De rechtbank heeft vastgesteld dat het EAB voldoet aan de eisen van de Overleveringswet (OLW) en dat er geen weigeringsgronden zijn die de overlevering in de weg staan. De rechtbank heeft ook de detentieomstandigheden in Roemenië beoordeeld en geconcludeerd dat er geen reëel gevaar bestaat voor onmenselijke of vernederende behandeling van de opgeëiste persoon na overlevering. De rechtbank heeft uiteindelijk besloten de overlevering toe te staan, waarbij de opgeëiste persoon zal worden overgedragen aan de Roemeense autoriteiten voor de uitvoering van de opgelegde straf van drie jaar en drie maanden.

De uitspraak is openbaar gedaan en er staat geen gewoon rechtsmiddel open tegen deze beslissing, conform artikel 29, tweede lid, OLW. De relevante wetsbepalingen die zijn toegepast zijn onder andere de artikelen 47, 311 en 350 van het Wetboek van Strafrecht en de artikelen 2, 5 en 7 van de OLW.

Uitspraak

RECHTBANK AMSTERDAM

INTERNATIONALE RECHTSHULPKAMER

Parketnummer: 13/056662-25
Datum uitspraak: 29 april 2025
UITSPRAAK
op de vordering van 28 februari 2025 van de officier van justitie bij deze rechtbank tot het in behandeling nemen van een Europees aanhoudingsbevel (EAB). [1]
Dit EAB is uitgevaardigd op 25 juli 2024 door
Judecătoria Curtea de Argeş,Roemenië (hierna: de uitvaardigende justitiële autoriteit) en strekt tot de aanhouding en overlevering van:
[opgeëiste persoon] ,
geboren op [geboortedag] 2001 te [geboorteplaats] (Roemenië),
feitelijk verblijfadres:
[verblijfadres] ,
hierna ‘de opgeëiste persoon’.

1.Procesgang

De behandeling van het EAB heeft plaatsgevonden op de zitting van 15 april 2025, in aanwezigheid van mr. A.L. Wagenaar, officier van justitie. De opgeëiste persoon is verschenen en is bijgestaan door zijn raadsman, mr. C.N.G.M. Starmans, advocaat in Utrecht en door een tolk in de Roemeense taal.
De raadsman heeft zich ten aanzien van de toelaatbaarheid van de verzochte overlevering gerefereerd aan het oordeel van de rechtbank.
De rechtbank heeft de termijn waarbinnen zij op grond van de Overleveringswet (OLW) uitspraak moet doen over de verzochte overlevering met dertig dagen verlengd. [2]
Tevens heeft de rechtbank voor sluiting van het onderzoek ter zitting de gevangenhouding bevolen met gelijktijdige schorsing van dat bevel tot aan de uitspraak.

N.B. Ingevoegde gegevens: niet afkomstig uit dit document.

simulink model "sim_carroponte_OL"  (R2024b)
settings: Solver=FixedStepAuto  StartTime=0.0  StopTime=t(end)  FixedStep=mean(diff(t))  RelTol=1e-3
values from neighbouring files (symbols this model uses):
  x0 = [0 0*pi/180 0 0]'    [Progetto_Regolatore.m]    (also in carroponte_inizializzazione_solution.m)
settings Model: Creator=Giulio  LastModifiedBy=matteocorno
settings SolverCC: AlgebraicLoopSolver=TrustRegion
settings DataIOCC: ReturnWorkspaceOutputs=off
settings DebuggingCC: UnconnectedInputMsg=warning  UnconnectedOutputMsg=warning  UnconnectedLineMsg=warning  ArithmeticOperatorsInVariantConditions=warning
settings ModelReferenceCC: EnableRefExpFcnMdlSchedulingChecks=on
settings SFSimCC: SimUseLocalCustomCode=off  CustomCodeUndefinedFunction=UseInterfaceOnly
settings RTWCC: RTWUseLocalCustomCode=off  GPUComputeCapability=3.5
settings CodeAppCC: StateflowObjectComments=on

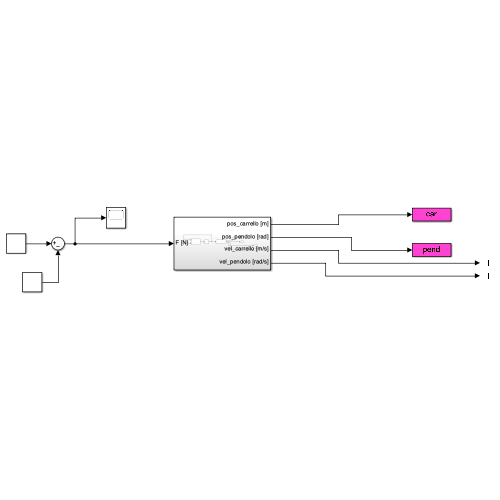
[thumbnail: Simulink's stored preview of the top-level diagram]
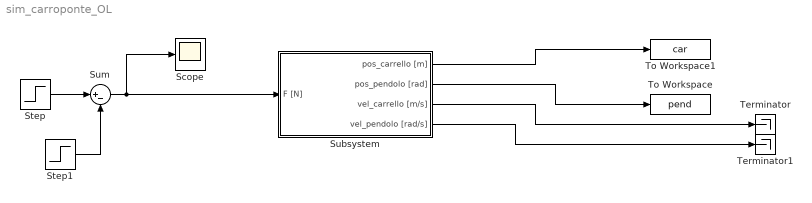
== system sim_carroponte_OL ==
  Scope : Scope
  Step : Step  After=2  SampleTime=0
  Step1 : Step  Time=2  After=2  SampleTime=0
  Subsystem : Subsystem
  Sum : Sum  Inputs=|+-
  Terminator : Terminator
  Terminator1 : Terminator
  To Workspace : ToWorkspace  VariableName=pend  SampleTime=-1
  To Workspace1 : ToWorkspace  VariableName=car  SampleTime=-1
  wires:
  Step/1 -> Sum/1
  Step1/1 -> Sum/2
  Sum/1 -> Subsystem/1(F [N]), Scope/1
  Subsystem/1(pos_carrello [m]) -> To Workspace1/1
  Subsystem/2(pos_pendolo [rad]) -> To Workspace/1
  Subsystem/3(vel_carrello [m/s]) -> Terminator/1
  Subsystem/4(vel_pendolo [rad/s]) -> Terminator1/1

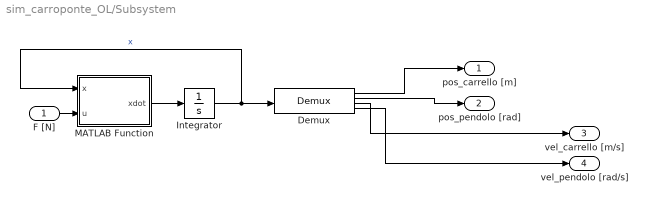
== system sim_carroponte_OL/Subsystem ==
  F [N] : Inport
  Demux : Demux
      settings: DisplayOption=none
  Integrator : Integrator  InitialCondition=x0
  MATLAB Function : MATLAB Function  TreatAsAtomicUnit=on
  pos_carrello [m] : Outport
  pos_pendolo [rad] : Outport  Port=2
  vel_carrello [m/s] : Outport  Port=3
  vel_pendolo [rad/s] : Outport  Port=4
  wires:
  Demux/1 -> pos_carrello [m]/1
  F [N]/1 -> MATLAB Function/2(u)
  Demux/3 -> vel_carrello [m/s]/1
  Demux/4 -> vel_pendolo [rad/s]/1
  Demux/2 -> pos_pendolo [rad]/1
  MATLAB Function/1(xdot) -> Integrator/1
  Integrator/1 -> MATLAB Function/1(x), Demux/1  "x"

== matlab function sim_carroponte_OL/Subsystem/MATLAB Function ==
  data: x input; u input; xdot output
function xdot = fcn(x,u)
%CARRO Summary of this function goes here
%   x = [x t xd td]

%% Parametri
l       = 0.229;
M       = 0.57;
m       = 0.119;
mtot    = M + m;

J       = 4.458e-4;
Jtot    = m*l^2 + J;

cm      = 3;            % Forza attrito massa
cp      = 1e-5;         % Forza attrito pendolo 

g = 9.81;

%% Stato
x1 = x(1);      % x
x2 = x(2);      % teta
x3 = x(3);      % x dot
x4 = x(4);      % teta dot

%% Equazioni nonlineari
xdot1 = x3;
xdot2 = x4;
xdot3 = (-Jtot*cm*x3   +   m*l*cp*cos(x2)*x4                  +   m*l*Jtot*sin(x2)*x4^2   +   m^2*l^2*g*sin(x2)*cos(x2)   +   Jtot*u)         /(Jtot*mtot - m^2*l^2*cos(x2)^2);
xdot4 = (-mtot*cp*x4   -   m^2*l^2*sin(x2)*cos(x2)*x4^2       +   cm*m*l*cos(x2)*x3       -   mtot*m*l*g*sin(x2)          -   m*l*cos(x2)*u)  /(Jtot*mtot - m^2*l^2*cos(x2)^2);

%% Uscita
xdot = [xdot1;
        xdot2;
        xdot3;
        xdot4];

end

2.Identiteit van de opgeëiste persoon

Ter zitting heeft de opgeëiste persoon verklaard dat de bovenvermelde persoonsgegevens juist zijn en dat hij de Roemeense nationaliteit heeft.

3.Grondslag en inhoud van het EAB

Het EAB vermeldt een
criminal sentence no. 23 issued on 25 January 2024, ruled by this court in the criminal case file number 1525/216/2022, made final through Criminal court resolution no. 658A dated 11 July 2024 ruled by the Pitești Court of Appeal.
De overlevering wordt verzocht ten behoeve van de tenuitvoerlegging van een vrijheidsstraf voor de duur van drie jaar en drie maanden door de opgeëiste persoon te ondergaan op het grondgebied van de uitvaardigende lidstaat. Van deze straf resteren nog drie jaar en drie maanden, minus één dag. De vrijheidsstraf is aan de opgeëiste persoon opgelegd bij het hiervoor genoemde arrest.
Dit arrest betreft de feiten zoals die zijn omschreven in het EAB. [3]
3.1
Weigeringsgrond als bedoeld in artikel 12 OLW
Als het proces in twee opeenvolgende instanties heeft plaatsgevonden, namelijk een eerste aanleg gevolgd door een procedure in hoger beroep, dan is de laatste van die beslissingen relevant voor de beoordeling of is voldaan aan de vereisten van artikel 4 bis, eerste lid, Kaderbesluit 2002/584/JBZ en artikel 12 OLW, voor zover daartegen geen gewoon rechtsmiddel meer openstaat en daarom de zaak ten gronde definitief is afgedaan. [4] De rechtbank stelt vast dat dit in de onderhavige zaak het geval is en dat het arrest van
the Pitești Court of Appealvan 11 juli 2024 aan artikel 12 OLW getoetst dient te worden.
De rechtbank stelt vast dat het EAB strekt tot de tenuitvoerlegging van een arrest terwijl de verdachte niet in persoon is verschenen bij het proces dat tot die beslissing heeft geleid, en dat - kort gezegd - is gewezen zonder dat zich één van de in artikel 12, sub a tot en met c, OLW genoemde omstandigheden heeft voorgedaan en evenmin een garantie als bedoeld in artikel 12, sub d, OLW is verstrekt. Gelet daarop kan de overlevering ex artikel 12 OLW worden geweigerd.
De rechtbank ziet echter aanleiding om af te zien van haar bevoegdheid om de overlevering te weigeren. Zij acht daarbij het volgende van belang.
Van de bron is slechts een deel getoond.